Welcome! Can you post pictures? A "crack" to some is simple a little check to others. And what's your level of DIY experience?


----------



## aikidoka (Sep 22, 2009)

I've attached two pictures (I think). In picture number 1 you can see between the number 4 and 6 written on the beam is where the main crack is. In picture number 4 you can more of the underside. This is roughly the location where the kitchen sags and you can see that a metal support was placed in the area. I would like to correct this before I put ceramic tile in the kitchen, right now I have vinyl. 

As far as DIY, I do drywall (still can't get the seams perfect though), doors, heating ducts, plumbing (soldering). I'm not the best carpenter but I'm ambitious and learn what I can from the internet and the rest by trial and error. If I'm learning anything from my DIY is patience...which is often in short supply with me. 

That aside, have you ever heard of anyone removing their old chimney? My chimney is still in use by my hot water tank. So, I figure I would redirect the exhaust from the tank with piping either going straight up or out the side of the house like my high efficiency furnace does...I may need a blower though. I'd like to remove most of the chimney, from the first and second floor anyway. I'd leave part of it in the basement because I think it supports some of my main beam supports. Removing that on the upper two floors would allow me to have much more room to be able to move my stairs to the second floor. That may sound crazy, but where the stairs are now (against an exterior wall) interrupts the second floor so one of the bedrooms upstairs is pretty small and it is across a very small den. Putting the stairs where the chimney is would allow me to combine the room and den. 

















Eric


----------



## diy'er on LI (Jul 6, 2009)

my amateur gut instinct is to have either a very educated home inspector, or better yet, a civil engineer to assess the situation. Load bearing beams are obviously critical items that need expert attention when they may be failing...


----------



## Daniel Holzman (Mar 10, 2009)

Based on picture number 2, I can see transverse cracks on the bottom of both outer 2x8's (I assume they are 2x8, you called them 2x7, which is an unusual size). That looks like bad news, as the cracks are on the tension side of the beam, and would get worse if you added more load.
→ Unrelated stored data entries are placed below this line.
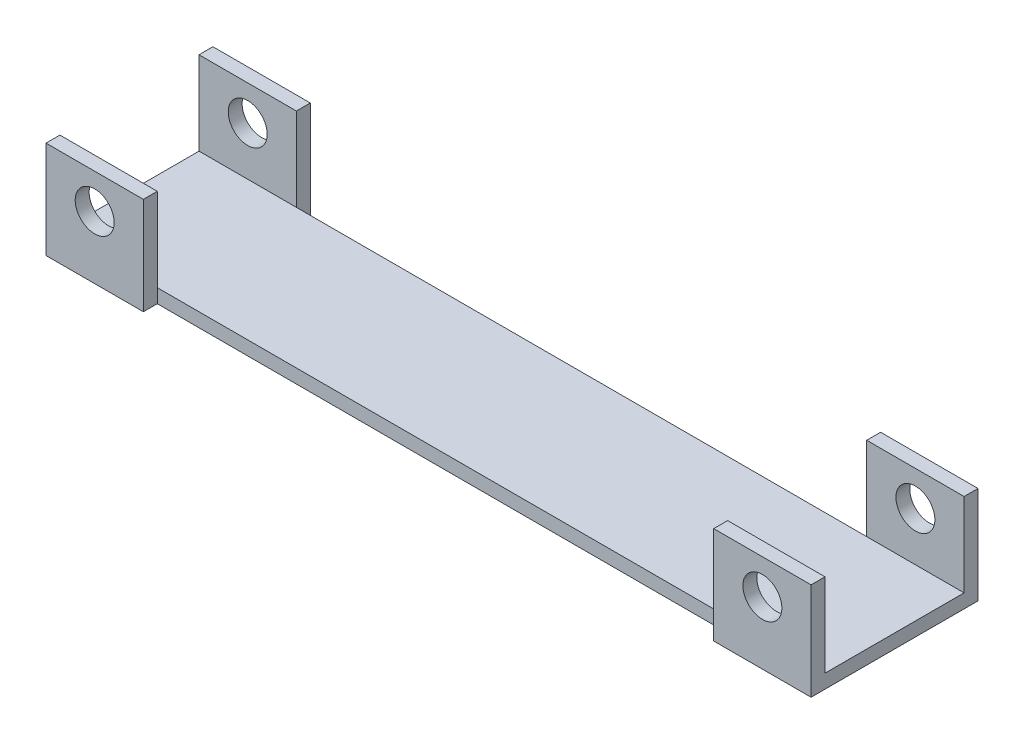
ISO-10303-21;
HEADER;
FILE_DESCRIPTION(('STEP AP214'),'2;1');
FILE_NAME('part.step','',(''),(''),'','','');
FILE_SCHEMA(('AUTOMOTIVE_DESIGN { 1 0 10303 214 1 1 1 1 }'));
ENDSEC;
DATA;
#1=APPLICATION_CONTEXT('core data for automotive mechanical design processes');
#2=APPLICATION_PROTOCOL_DEFINITION('international standard','automotive_design',2000,#1);
#3=PRODUCT_CONTEXT('',#1,'mechanical');
#4=PRODUCT('Part','Part','',(#3));
#5=PRODUCT_RELATED_PRODUCT_CATEGORY('part','',(#4));
#6=PRODUCT_DEFINITION_FORMATION('','',#4);
#7=PRODUCT_DEFINITION_CONTEXT('part definition',#1,'design');
#8=PRODUCT_DEFINITION('design','',#6,#7);
#9=PRODUCT_DEFINITION_SHAPE('','',#8);
#10=(LENGTH_UNIT() NAMED_UNIT(*) SI_UNIT(.MILLI.,.METRE.));
#11=(NAMED_UNIT(*) PLANE_ANGLE_UNIT() SI_UNIT($,.RADIAN.));
#12=(NAMED_UNIT(*) SI_UNIT($,.STERADIAN.) SOLID_ANGLE_UNIT());
#13=UNCERTAINTY_MEASURE_WITH_UNIT(LENGTH_MEASURE(1.E-05),#10,'distance_accuracy_value','');
#14=(GEOMETRIC_REPRESENTATION_CONTEXT(3) GLOBAL_UNCERTAINTY_ASSIGNED_CONTEXT((#13)) GLOBAL_UNIT_ASSIGNED_CONTEXT((#10,
#11,#12)) REPRESENTATION_CONTEXT('',''));
#15=CARTESIAN_POINT('',(0.,0.,0.));
#16=DIRECTION('',(0.,0.,1.));
#17=DIRECTION('',(1.,0.,0.));
#18=AXIS2_PLACEMENT_3D('',#15,#16,#17);
#19=CARTESIAN_POINT('',(0.,5.,0.));
#20=DIRECTION('',(0.,0.,-1.));
#21=DIRECTION('',(-1.,0.,0.));
#22=AXIS2_PLACEMENT_3D('',#19,#20,#21);
#23=PLANE('',#22);
#24=DIRECTION('',(0.,-1.,0.));
#25=VECTOR('',#24,1.);
#26=CARTESIAN_POINT('',(240.,0.,0.));
#27=LINE('',#26,#25);
#28=CARTESIAN_POINT('',(240.,5.,0.));
#29=VERTEX_POINT('',#28);
#30=CARTESIAN_POINT('',(240.,0.,0.));
#31=VERTEX_POINT('',#30);
#32=EDGE_CURVE('E256',#29,#31,#27,.T.);
#33=ORIENTED_EDGE('',*,*,#32,.F.);
#34=DIRECTION('',(1.,0.,0.));
#35=VECTOR('',#34,1.);
#36=CARTESIAN_POINT('',(0.,5.,0.));
#37=LINE('',#36,#35);
#38=CARTESIAN_POINT('',(35.,5.,0.));
#39=VERTEX_POINT('',#38);
#40=EDGE_CURVE('E305',#39,#29,#37,.T.);
#41=ORIENTED_EDGE('',*,*,#40,.F.);
#42=DIRECTION('',(0.,1.,0.));
#43=VECTOR('',#42,1.);
#44=CARTESIAN_POINT('',(35.,0.,0.));
#45=LINE('',#44,#43);
#46=CARTESIAN_POINT('',(35.,0.,0.));
#47=VERTEX_POINT('',#46);
#48=EDGE_CURVE('E290',#47,#39,#45,.T.);
#49=ORIENTED_EDGE('',*,*,#48,.F.);
#50=DIRECTION('',(1.,0.,0.));
#51=VECTOR('',#50,1.);
#52=CARTESIAN_POINT('',(0.,0.,0.));
#53=LINE('',#52,#51);
#54=EDGE_CURVE('E311',#47,#31,#53,.T.);
#55=ORIENTED_EDGE('',*,*,#54,.T.);
#56=EDGE_LOOP('',(#33,#41,#49,#55));
#57=FACE_BOUND('',#56,.T.);
#58=ADVANCED_FACE('F35',(#57),#23,.F.);
#59=CARTESIAN_POINT('',(0.,5.,0.));
#60=DIRECTION('',(1.,0.,0.));
#61=DIRECTION('',(0.,0.,-1.));
#62=AXIS2_PLACEMENT_3D('',#59,#60,#61);
#63=PLANE('',#62);
#64=DIRECTION('',(0.,0.,1.));
#65=VECTOR('',#64,1.);
#66=CARTESIAN_POINT('',(0.,0.,0.));
#67=LINE('',#66,#65);
#68=CARTESIAN_POINT('',(0.,0.,-55.));
#69=VERTEX_POINT('',#68);
#70=CARTESIAN_POINT('',(0.,0.,5.));
#71=VERTEX_POINT('',#70);
#72=EDGE_CURVE('E302',#69,#71,#67,.T.);
#73=ORIENTED_EDGE('',*,*,#72,.T.);
#74=DIRECTION('',(0.,-1.,0.));
#75=VECTOR('',#74,1.);
#76=CARTESIAN_POINT('',(0.,0.,5.));
#77=LINE('',#76,#75);
#78=CARTESIAN_POINT('',(0.,35.,5.));
#79=VERTEX_POINT('',#78);
#80=EDGE_CURVE('E276',#79,#71,#77,.T.);
#81=ORIENTED_EDGE('',*,*,#80,.F.);
#82=DIRECTION('',(0.,0.,-1.));
#83=VECTOR('',#82,1.);
#84=CARTESIAN_POINT('',(0.,35.,5.));
#85=LINE('',#84,#83);
#86=CARTESIAN_POINT('',(0.,35.,0.));
#87=VERTEX_POINT('',#86);
#88=EDGE_CURVE('E286',#79,#87,#85,.T.);
#89=ORIENTED_EDGE('',*,*,#88,.T.);
#90=DIRECTION('',(0.,-1.,0.));
#91=VECTOR('',#90,1.);
#92=CARTESIAN_POINT('',(0.,0.,0.));
#93=LINE('',#92,#91);
#94=CARTESIAN_POINT('',(0.,5.,0.));
#95=VERTEX_POINT('',#94);
#96=EDGE_CURVE('E273',#87,#95,#93,.T.);
#97=ORIENTED_EDGE('',*,*,#96,.T.);
#98=DIRECTION('',(0.,0.,1.));
#99=VECTOR('',#98,1.);
#100=CARTESIAN_POINT('',(0.,5.,0.));
#101=LINE('',#100,#99);
#102=CARTESIAN_POINT('',(0.,5.,-50.));
#103=VERTEX_POINT('',#102);
#104=EDGE_CURVE('E303',#103,#95,#101,.T.);
#105=ORIENTED_EDGE('',*,*,#104,.F.);
#106=DIRECTION('',(0.,-1.,0.));
#107=VECTOR('',#106,1.);
#108=CARTESIAN_POINT('',(0.,0.,-50.));
#109=LINE('',#108,#107);
#110=CARTESIAN_POINT('',(0.,35.,-50.));
#111=VERTEX_POINT('',#110);
#112=EDGE_CURVE('E206',#111,#103,#109,.T.);
#113=ORIENTED_EDGE('',*,*,#112,.F.);
#114=DIRECTION('',(0.,0.,1.));
#115=VECTOR('',#114,1.);
#116=CARTESIAN_POINT('',(0.,35.,-55.));
#117=LINE('',#116,#115);
#118=CARTESIAN_POINT('',(0.,35.,-55.));
#119=VERTEX_POINT('',#118);
#120=EDGE_CURVE('E233',#119,#111,#117,.T.);
#121=ORIENTED_EDGE('',*,*,#120,.F.);
#122=DIRECTION('',(0.,-1.,0.));
#123=VECTOR('',#122,1.);
#124=CARTESIAN_POINT('',(0.,0.,-55.));
#125=LINE('',#124,#123);
#126=EDGE_CURVE('E209',#119,#69,#125,.T.);
#127=ORIENTED_EDGE('',*,*,#126,.T.);
#128=EDGE_LOOP('',(#73,#81,#89,#97,#105,#113,#121,#127));
#129=FACE_BOUND('',#128,.T.);
#130=ADVANCED_FACE('F37',(#129),#63,.F.);
#131=CARTESIAN_POINT('',(275.,5.,0.));
#132=DIRECTION('',(-1.,0.,0.));
#133=DIRECTION('',(0.,0.,1.));
#134=AXIS2_PLACEMENT_3D('',#131,#132,#133);
#135=PLANE('',#134);
#136=DIRECTION('',(0.,0.,-1.));
#137=VECTOR('',#136,1.);
#138=CARTESIAN_POINT('',(275.,0.,0.));
#139=LINE('',#138,#137);
#140=CARTESIAN_POINT('',(275.,0.,5.));
#141=VERTEX_POINT('',#140);
#142=CARTESIAN_POINT('',(275.,0.,-55.));
#143=VERTEX_POINT('',#142);
#144=EDGE_CURVE('E312',#141,#143,#139,.T.);
#145=ORIENTED_EDGE('',*,*,#144,.T.);
#146=DIRECTION('',(0.,1.,0.));
#147=VECTOR('',#146,1.);
#148=CARTESIAN_POINT('',(275.,0.,-55.));
#149=LINE('',#148,#147);
#150=CARTESIAN_POINT('',(275.,35.,-55.));
#151=VERTEX_POINT('',#150);
#152=EDGE_CURVE('E180',#143,#151,#149,.T.);
#153=ORIENTED_EDGE('',*,*,#152,.T.);
#154=DIRECTION('',(0.,0.,1.));
#155=VECTOR('',#154,1.);
#156=CARTESIAN_POINT('',(275.,35.,-55.));
#157=LINE('',#156,#155);
#158=CARTESIAN_POINT('',(275.,35.,-50.));
#159=VERTEX_POINT('',#158);
#160=EDGE_CURVE('E191',#151,#159,#157,.T.);
#161=ORIENTED_EDGE('',*,*,#160,.T.);
#162=DIRECTION('',(0.,1.,0.));
#163=VECTOR('',#162,1.);
#164=CARTESIAN_POINT('',(275.,0.,-50.));
#165=LINE('',#164,#163);
#166=CARTESIAN_POINT('',(275.,5.,-50.));
#167=VERTEX_POINT('',#166);
#168=EDGE_CURVE('E181',#167,#159,#165,.T.);
#169=ORIENTED_EDGE('',*,*,#168,.F.);
#170=DIRECTION('',(0.,0.,-1.));
#171=VECTOR('',#170,1.);
#172=CARTESIAN_POINT('',(275.,5.,0.));
#173=LINE('',#172,#171);
#174=CARTESIAN_POINT('',(275.,5.,0.));
#175=VERTEX_POINT('',#174);
#176=EDGE_CURVE('E308',#175,#167,#173,.T.);
#177=ORIENTED_EDGE('',*,*,#176,.F.);
#178=DIRECTION('',(0.,1.,0.));
#179=VECTOR('',#178,1.);
#180=CARTESIAN_POINT('',(275.,0.,0.));
#181=LINE('',#180,#179);
#182=CARTESIAN_POINT('',(275.,35.,0.));
#183=VERTEX_POINT('',#182);
#184=EDGE_CURVE('E239',#175,#183,#181,.T.);
#185=ORIENTED_EDGE('',*,*,#184,.T.);
#186=DIRECTION('',(0.,0.,-1.));
#187=VECTOR('',#186,1.);
#188=CARTESIAN_POINT('',(275.,35.,5.));
#189=LINE('',#188,#187);
#190=CARTESIAN_POINT('',(275.,35.,5.));
#191=VERTEX_POINT('',#190);
#192=EDGE_CURVE('E264',#191,#183,#189,.T.);
#193=ORIENTED_EDGE('',*,*,#192,.F.);
#194=DIRECTION('',(0.,1.,0.));
#195=VECTOR('',#194,1.);
#196=CARTESIAN_POINT('',(275.,0.,5.));
#197=LINE('',#196,#195);
#198=EDGE_CURVE('E245',#141,#191,#197,.T.);
#199=ORIENTED_EDGE('',*,*,#198,.F.);
#200=EDGE_LOOP('',(#145,#153,#161,#169,#177,#185,#193,#199));
#201=FACE_BOUND('',#200,.T.);
#202=ADVANCED_FACE('F364',(#201),#135,.F.);
#203=CARTESIAN_POINT('',(0.,5.,-50.));
#204=DIRECTION('',(0.,0.,1.));
#205=DIRECTION('',(1.,0.,0.));
#206=AXIS2_PLACEMENT_3D('',#203,#204,#205);
#207=PLANE('',#206);
#208=DIRECTION('',(-1.,0.,0.));
#209=VECTOR('',#208,1.);
#210=CARTESIAN_POINT('',(0.,5.,-50.));
#211=LINE('',#210,#209);
#212=CARTESIAN_POINT('',(240.,5.,-50.));
#213=VERTEX_POINT('',#212);
#214=CARTESIAN_POINT('',(35.,5.,-50.));
#215=VERTEX_POINT('',#214);
#216=EDGE_CURVE('E44',#213,#215,#211,.T.);
#217=ORIENTED_EDGE('',*,*,#216,.F.);
#218=DIRECTION('',(0.,-1.,0.));
#219=VECTOR('',#218,1.);
#220=CARTESIAN_POINT('',(240.,0.,-50.));
#221=LINE('',#220,#219);
#222=CARTESIAN_POINT('',(240.,0.,-50.));
#223=VERTEX_POINT('',#222);
#224=EDGE_CURVE('E196',#213,#223,#221,.T.);
#225=ORIENTED_EDGE('',*,*,#224,.T.);
#226=DIRECTION('',(-1.,0.,0.));
#227=VECTOR('',#226,1.);
#228=CARTESIAN_POINT('',(0.,0.,-50.));
#229=LINE('',#228,#227);
#230=CARTESIAN_POINT('',(35.,0.,-50.));
#231=VERTEX_POINT('',#230);
#232=EDGE_CURVE('E39',#223,#231,#229,.T.);
#233=ORIENTED_EDGE('',*,*,#232,.T.);
#234=DIRECTION('',(0.,1.,0.));
#235=VECTOR('',#234,1.);
#236=CARTESIAN_POINT('',(35.,0.,-50.));
#237=LINE('',#236,#235);
#238=EDGE_CURVE('E213',#231,#215,#237,.T.);
#239=ORIENTED_EDGE('',*,*,#238,.T.);
#240=EDGE_LOOP('',(#217,#225,#233,#239));
#241=FACE_BOUND('',#240,.T.);
#242=ADVANCED_FACE('F315',(#241),#207,.F.);
#243=CARTESIAN_POINT('',(0.,5.,0.));
#244=DIRECTION('',(0.,-1.,0.));
#245=DIRECTION('',(0.,0.,-1.));
#246=AXIS2_PLACEMENT_3D('',#243,#244,#245);
#247=PLANE('',#246);
#248=ORIENTED_EDGE('',*,*,#104,.T.);
#249=EDGE_CURVE('E306',#95,#39,#37,.T.);
#250=ORIENTED_EDGE('',*,*,#249,.T.);
#251=ORIENTED_EDGE('',*,*,#40,.T.);
#252=DIRECTION('',(1.,0.,0.));
#253=VECTOR('',#252,1.);
#254=CARTESIAN_POINT('',(0.,5.,0.));
#255=LINE('',#254,#253);
#256=EDGE_CURVE('E267',#29,#175,#255,.T.);
#257=ORIENTED_EDGE('',*,*,#256,.T.);
#258=ORIENTED_EDGE('',*,*,#176,.T.);
#259=EDGE_CURVE('E11',#167,#213,#211,.T.);
#260=ORIENTED_EDGE('',*,*,#259,.T.);
#261=ORIENTED_EDGE('',*,*,#216,.T.);
#262=EDGE_CURVE('E46',#215,#103,#211,.T.);
#263=ORIENTED_EDGE('',*,*,#262,.T.);
#264=EDGE_LOOP('',(#248,#250,#251,#257,#258,#260,#261,#263));
#265=FACE_BOUND('',#264,.T.);
#266=ADVANCED_FACE('F327',(#265),#247,.F.);
#267=CARTESIAN_POINT('',(0.,0.,0.));
#268=DIRECTION('',(0.,-1.,0.));
#269=DIRECTION('',(0.,0.,-1.));
#270=AXIS2_PLACEMENT_3D('',#267,#268,#269);
#271=PLANE('',#270);
#272=ORIENTED_EDGE('',*,*,#72,.F.);
#273=DIRECTION('',(1.,0.,0.));
#274=VECTOR('',#273,1.);
#275=CARTESIAN_POINT('',(0.,0.,-55.));
#276=LINE('',#275,#274);
#277=CARTESIAN_POINT('',(35.,0.,-55.));
#278=VERTEX_POINT('',#277);
#279=EDGE_CURVE('E219',#69,#278,#276,.T.);
#280=ORIENTED_EDGE('',*,*,#279,.T.);
#281=DIRECTION('',(0.,0.,1.));
#282=VECTOR('',#281,1.);
#283=CARTESIAN_POINT('',(35.,0.,-55.));
#284=LINE('',#283,#282);
#285=EDGE_CURVE('E222',#278,#231,#284,.T.);
#286=ORIENTED_EDGE('',*,*,#285,.T.);
#287=ORIENTED_EDGE('',*,*,#232,.F.);
#288=DIRECTION('',(0.,0.,1.));
#289=VECTOR('',#288,1.);
#290=CARTESIAN_POINT('',(240.,0.,-55.));
#291=LINE('',#290,#289);
#292=CARTESIAN_POINT('',(240.,0.,-55.));
#293=VERTEX_POINT('',#292);
#294=EDGE_CURVE('E161',#293,#223,#291,.T.);
#295=ORIENTED_EDGE('',*,*,#294,.F.);
#296=DIRECTION('',(1.,0.,0.));
#297=VECTOR('',#296,1.);
#298=CARTESIAN_POINT('',(275.,0.,-55.));
#299=LINE('',#298,#297);
#300=EDGE_CURVE('E164',#293,#143,#299,.T.);
#301=ORIENTED_EDGE('',*,*,#300,.T.);
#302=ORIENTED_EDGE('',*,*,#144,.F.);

The steel post is unusual, it has a thin metal plate at the top, which appears to be bent. Looks like a home made post. Based on the photo, I would have to question if the foundation for the post is adequate. I also wonder if the post meets building code standards as a permanent support.

Fixing the two failed 2x8's is going to be difficult, since the beam holds up most of your house. You may be able to bolt on steel plates on the outside, after you have jacked the beam to level. This is a difficult job, pretty dangerous too, since you have to temporarily support the beam, and jack it up. I strongly recommend you NOT do this one yourself, it has major league trouble written all over it. You need a professional, with extensive experience doing this type of repair.


----------



## willcmjr (Sep 14, 2009)

I think if it was me, and I didn't have the money to hire a contractor to fix this right, I would put in a perminent lally column right there, with a 1/2" steel plate.


----------



## WaldenL (Jan 9, 2009)

Funny (in an odd sort of way) but the crack appears to be right below a notch made in the top of the beam. Goes to show that some beams shouldn't be cut! I agree with the temp solution of another column, but much as I like to DIY, this does seem to be the type of work pros are made for. They know how do fix/replace this, and god-forbid something goes wrong, they're insured, and you're not in the house.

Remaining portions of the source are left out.